> _EXERCISE DESCRIPTION_
In the records below, find the line that contains "Control_and_Display_Logic/6(NDMode) -> Display/6(NDMode)" and the line that contains "PFDPageMode : Inport"; write out exactly those two lines and everything between them, without the pictures.

> _RECORDS TO USE_
* * * *
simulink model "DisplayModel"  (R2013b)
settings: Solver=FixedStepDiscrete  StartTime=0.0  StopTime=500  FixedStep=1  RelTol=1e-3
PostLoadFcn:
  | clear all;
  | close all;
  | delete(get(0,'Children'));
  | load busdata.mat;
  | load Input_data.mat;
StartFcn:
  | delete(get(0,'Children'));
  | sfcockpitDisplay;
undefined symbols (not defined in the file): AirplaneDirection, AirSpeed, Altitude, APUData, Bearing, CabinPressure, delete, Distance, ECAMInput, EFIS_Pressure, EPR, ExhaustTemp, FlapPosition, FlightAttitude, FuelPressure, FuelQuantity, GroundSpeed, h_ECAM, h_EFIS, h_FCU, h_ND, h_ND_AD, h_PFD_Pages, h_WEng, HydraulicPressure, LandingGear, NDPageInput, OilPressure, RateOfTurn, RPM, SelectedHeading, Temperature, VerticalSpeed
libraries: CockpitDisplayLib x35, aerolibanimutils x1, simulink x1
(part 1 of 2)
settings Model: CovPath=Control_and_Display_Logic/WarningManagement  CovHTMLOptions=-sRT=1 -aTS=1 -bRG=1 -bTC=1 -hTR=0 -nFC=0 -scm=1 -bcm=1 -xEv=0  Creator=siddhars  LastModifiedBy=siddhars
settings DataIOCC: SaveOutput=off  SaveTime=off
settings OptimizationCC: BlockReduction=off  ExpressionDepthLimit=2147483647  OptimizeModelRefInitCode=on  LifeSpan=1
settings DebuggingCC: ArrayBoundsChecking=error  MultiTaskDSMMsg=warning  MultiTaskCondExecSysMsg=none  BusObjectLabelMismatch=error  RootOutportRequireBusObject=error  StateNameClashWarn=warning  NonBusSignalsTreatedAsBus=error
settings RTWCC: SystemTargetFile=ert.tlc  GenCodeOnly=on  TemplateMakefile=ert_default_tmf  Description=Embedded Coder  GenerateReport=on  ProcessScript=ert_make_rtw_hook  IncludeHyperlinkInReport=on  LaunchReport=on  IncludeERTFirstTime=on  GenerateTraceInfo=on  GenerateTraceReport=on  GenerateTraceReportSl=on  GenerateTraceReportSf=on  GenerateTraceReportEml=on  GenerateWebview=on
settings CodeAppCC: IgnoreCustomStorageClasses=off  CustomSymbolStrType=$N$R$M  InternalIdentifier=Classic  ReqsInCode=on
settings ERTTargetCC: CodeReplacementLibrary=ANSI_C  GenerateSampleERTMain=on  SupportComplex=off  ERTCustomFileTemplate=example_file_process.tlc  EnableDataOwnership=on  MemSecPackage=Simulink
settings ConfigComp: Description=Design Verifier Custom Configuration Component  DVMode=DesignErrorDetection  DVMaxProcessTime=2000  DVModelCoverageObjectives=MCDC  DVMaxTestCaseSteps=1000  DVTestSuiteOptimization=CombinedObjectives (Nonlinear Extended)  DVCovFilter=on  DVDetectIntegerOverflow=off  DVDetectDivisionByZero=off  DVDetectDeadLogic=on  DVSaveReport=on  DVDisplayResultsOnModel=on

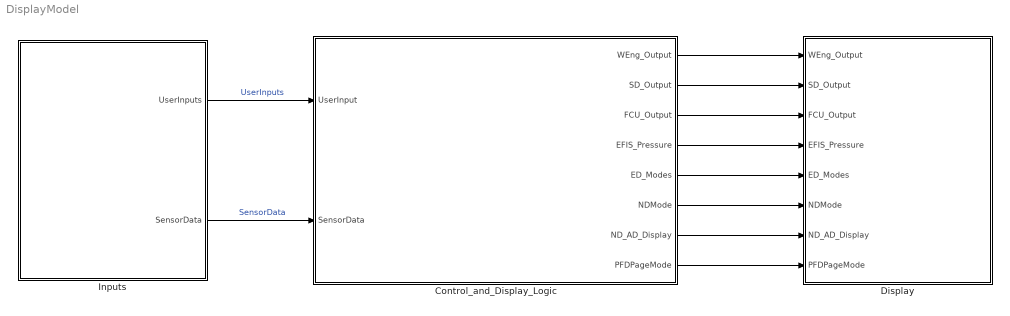
== system DisplayModel ==
  Control_and_Display_Logic : Subsystem  TreatAsAtomicUnit=on
  Display : Subsystem
  Inputs : Subsystem
  wires:
  Inputs/1(UserInputs) -> Control_and_Display_Logic/1(UserInput)  "UserInputs"
  Inputs/2(SensorData) -> Control_and_Display_Logic/2(SensorData)  "SensorData"
  Control_and_Display_Logic/2(SD_Output) -> Display/2(SD_Output)
  Control_and_Display_Logic/7(ND_AD_Display) -> Display/7(ND_AD_Display)
  Control_and_Display_Logic/3(FCU_Output) -> Display/3(FCU_Output)
  Control_and_Display_Logic/1(WEng_Output) -> Display/1(WEng_Output)
  Control_and_Display_Logic/6(NDMode) -> Display/6(NDMode)
  Control_and_Display_Logic/8(PFDPageMode) -> Display/8(PFDPageMode)
  Control_and_Display_Logic/5(ED_Modes) -> Display/5(ED_Modes)
  Control_and_Display_Logic/4(EFIS_Pressure) -> Display/4(EFIS_Pressure)

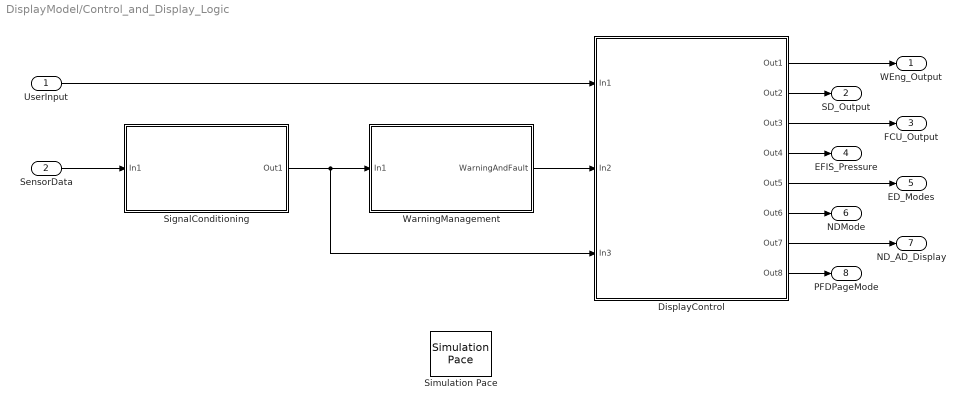
== system DisplayModel/Control_and_Display_Logic ==
  UserInput : Inport
  SensorData : Inport  Port=2
  DisplayControl : Subsystem
  SignalConditioning : Subsystem
  Simulation Pace : aerolibanimutils/Simulation Pace  SimulationPace=4  SleepMode=MATLAB Thread  OutputPaceError=off  SampleTime=1
      settings: AttributesFormatString=%<SimulationPace> sec/sec
  WarningManagement : Subsystem  TreatAsAtomicUnit=on
  WEng_Output : Outport
  SD_Output : Outport  Port=2
  FCU_Output : Outport  Port=3
  EFIS_Pressure : Outport  Port=4
  ED_Modes : Outport  Port=5
  NDMode : Outport  Port=6
  ND_AD_Display : Outport  Port=7
  PFDPageMode : Outport  Port=8
  wires:
  UserInput/1 -> DisplayControl/1(In1)
  SensorData/1 -> SignalConditioning/1(In1)
  SignalConditioning/1(Out1) -> WarningManagement/1(In1), DisplayControl/3(In3)
  DisplayControl/1(Out1) -> WEng_Output/1
  DisplayControl/2(Out2) -> SD_Output/1
  DisplayControl/3(Out3) -> FCU_Output/1
  DisplayControl/4(Out4) -> EFIS_Pressure/1
  DisplayControl/5(Out5) -> ED_Modes/1
  DisplayControl/6(Out6) -> NDMode/1
  DisplayControl/7(Out7) -> ND_AD_Display/1
  DisplayControl/8(Out8) -> PFDPageMode/1
  WarningManagement/1(WarningAndFault) -> DisplayControl/2(In2)

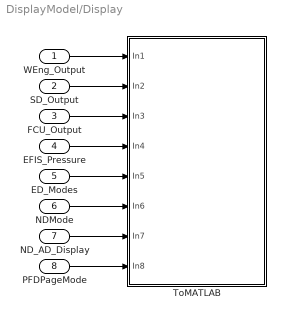
== system DisplayModel/Display ==
  WEng_Output : Inport
  SD_Output : Inport  Port=2
  FCU_Output : Inport  Port=3
  EFIS_Pressure : Inport  Port=4
  ED_Modes : Inport  Port=5
  NDMode : Inport  Port=6
  ND_AD_Display : Inport  Port=7
  PFDPageMode : Inport  Port=8
  ToMATLAB : Subsystem
  wires:
  PFDPageMode/1 -> ToMATLAB/8(In8)
  ND_AD_Display/1 -> ToMATLAB/7(In7)
  NDMode/1 -> ToMATLAB/6(In6)
  ED_Modes/1 -> ToMATLAB/5(In5)
  EFIS_Pressure/1 -> ToMATLAB/4(In4)
  FCU_Output/1 -> ToMATLAB/3(In3)
  SD_Output/1 -> ToMATLAB/2(In2)
  WEng_Output/1 -> ToMATLAB/1(In1)

== system DisplayModel/Inputs ==
  Sensors : Subsystem
  UserSelection : Subsystem
  UserInputs : Outport
  SensorData : Outport  Port=2
  wires:
  UserSelection/1(Out1) -> UserInputs/1
  UserSelection/2(Out2) -> Sensors/1(PowerSwitch)
  Sensors/1(SensorData) -> SensorData/1

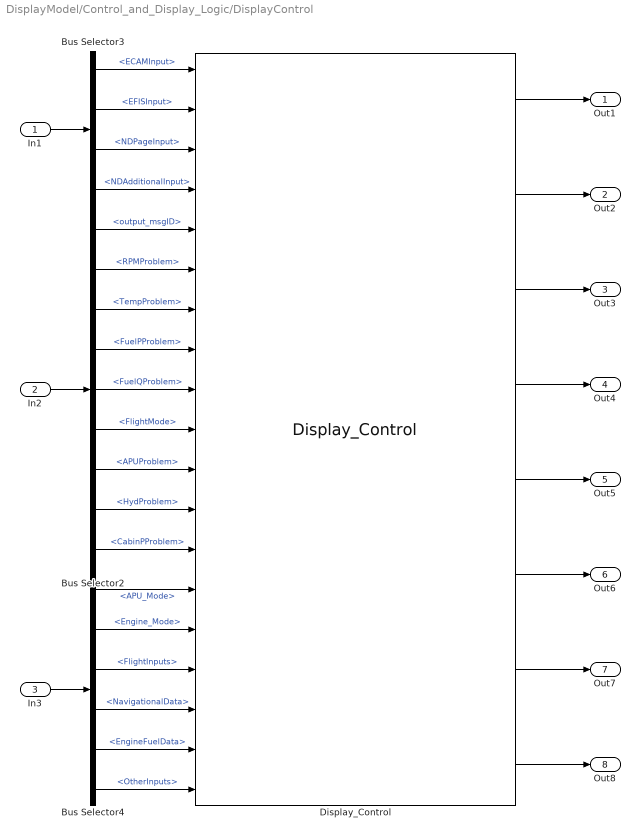
== system DisplayModel/Control_and_Display_Logic/DisplayControl ==
  In1 : Inport
  In2 : Inport  Port=2
  In3 : Inport  Port=3
  Bus Selector2 : BusSelector  OutputSignals=output_msgID,RPMProblem,TempProblem,FuelPProblem,FuelQProblem,FlightMode,APUProblem,HydProblem,CabinPProblem
  Bus Selector3 : BusSelector  OutputSignals=ECAMInput,EFISInput,NDPageInput,NDAdditionalInput
  Bus Selector4 : BusSelector  OutputSignals=EnergySystemModes.APU_Mode,EnergySystemModes.Engine_Mode,FlightInputs,NavigationalData,EngineFuelData,OtherInputs
  Display_Control : CockpitDisplayLib/Display_Control  SystemSampleTime=-1
  Out1 : Outport
  Out2 : Outport  Port=2
  Out3 : Outport  Port=3
  Out4 : Outport  Port=4
  Out5 : Outport  Port=5
  Out6 : Outport  Port=6
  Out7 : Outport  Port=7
* * * *
> _ANSWER AREA_
  Control_and_Display_Logic/6(NDMode) -> Display/6(NDMode)
  Control_and_Display_Logic/8(PFDPageMode) -> Display/8(PFDPageMode)
  Control_and_Display_Logic/5(ED_Modes) -> Display/5(ED_Modes)
  Control_and_Display_Logic/4(EFIS_Pressure) -> Display/4(EFIS_Pressure)

== system DisplayModel/Control_and_Display_Logic ==
  UserInput : Inport
  SensorData : Inport  Port=2
  DisplayControl : Subsystem
  SignalConditioning : Subsystem
  Simulation Pace : aerolibanimutils/Simulation Pace  SimulationPace=4  SleepMode=MATLAB Thread  OutputPaceError=off  SampleTime=1
      settings: AttributesFormatString=%<SimulationPace> sec/sec
  WarningManagement : Subsystem  TreatAsAtomicUnit=on
  WEng_Output : Outport
  SD_Output : Outport  Port=2
  FCU_Output : Outport  Port=3
  EFIS_Pressure : Outport  Port=4
  ED_Modes : Outport  Port=5
  NDMode : Outport  Port=6
  ND_AD_Display : Outport  Port=7
  PFDPageMode : Outport  Port=8
  wires:
  UserInput/1 -> DisplayControl/1(In1)
  SensorData/1 -> SignalConditioning/1(In1)
  SignalConditioning/1(Out1) -> WarningManagement/1(In1), DisplayControl/3(In3)
  DisplayControl/1(Out1) -> WEng_Output/1
  DisplayControl/2(Out2) -> SD_Output/1
  DisplayControl/3(Out3) -> FCU_Output/1
  DisplayControl/4(Out4) -> EFIS_Pressure/1
  DisplayControl/5(Out5) -> ED_Modes/1
  DisplayControl/6(Out6) -> NDMode/1
  DisplayControl/7(Out7) -> ND_AD_Display/1
  DisplayControl/8(Out8) -> PFDPageMode/1
  WarningManagement/1(WarningAndFault) -> DisplayControl/2(In2)

== system DisplayModel/Display ==
  WEng_Output : Inport
  SD_Output : Inport  Port=2
  FCU_Output : Inport  Port=3
  EFIS_Pressure : Inport  Port=4
  ED_Modes : Inport  Port=5
  NDMode : Inport  Port=6
  ND_AD_Display : Inport  Port=7
  PFDPageMode : Inport  Port=8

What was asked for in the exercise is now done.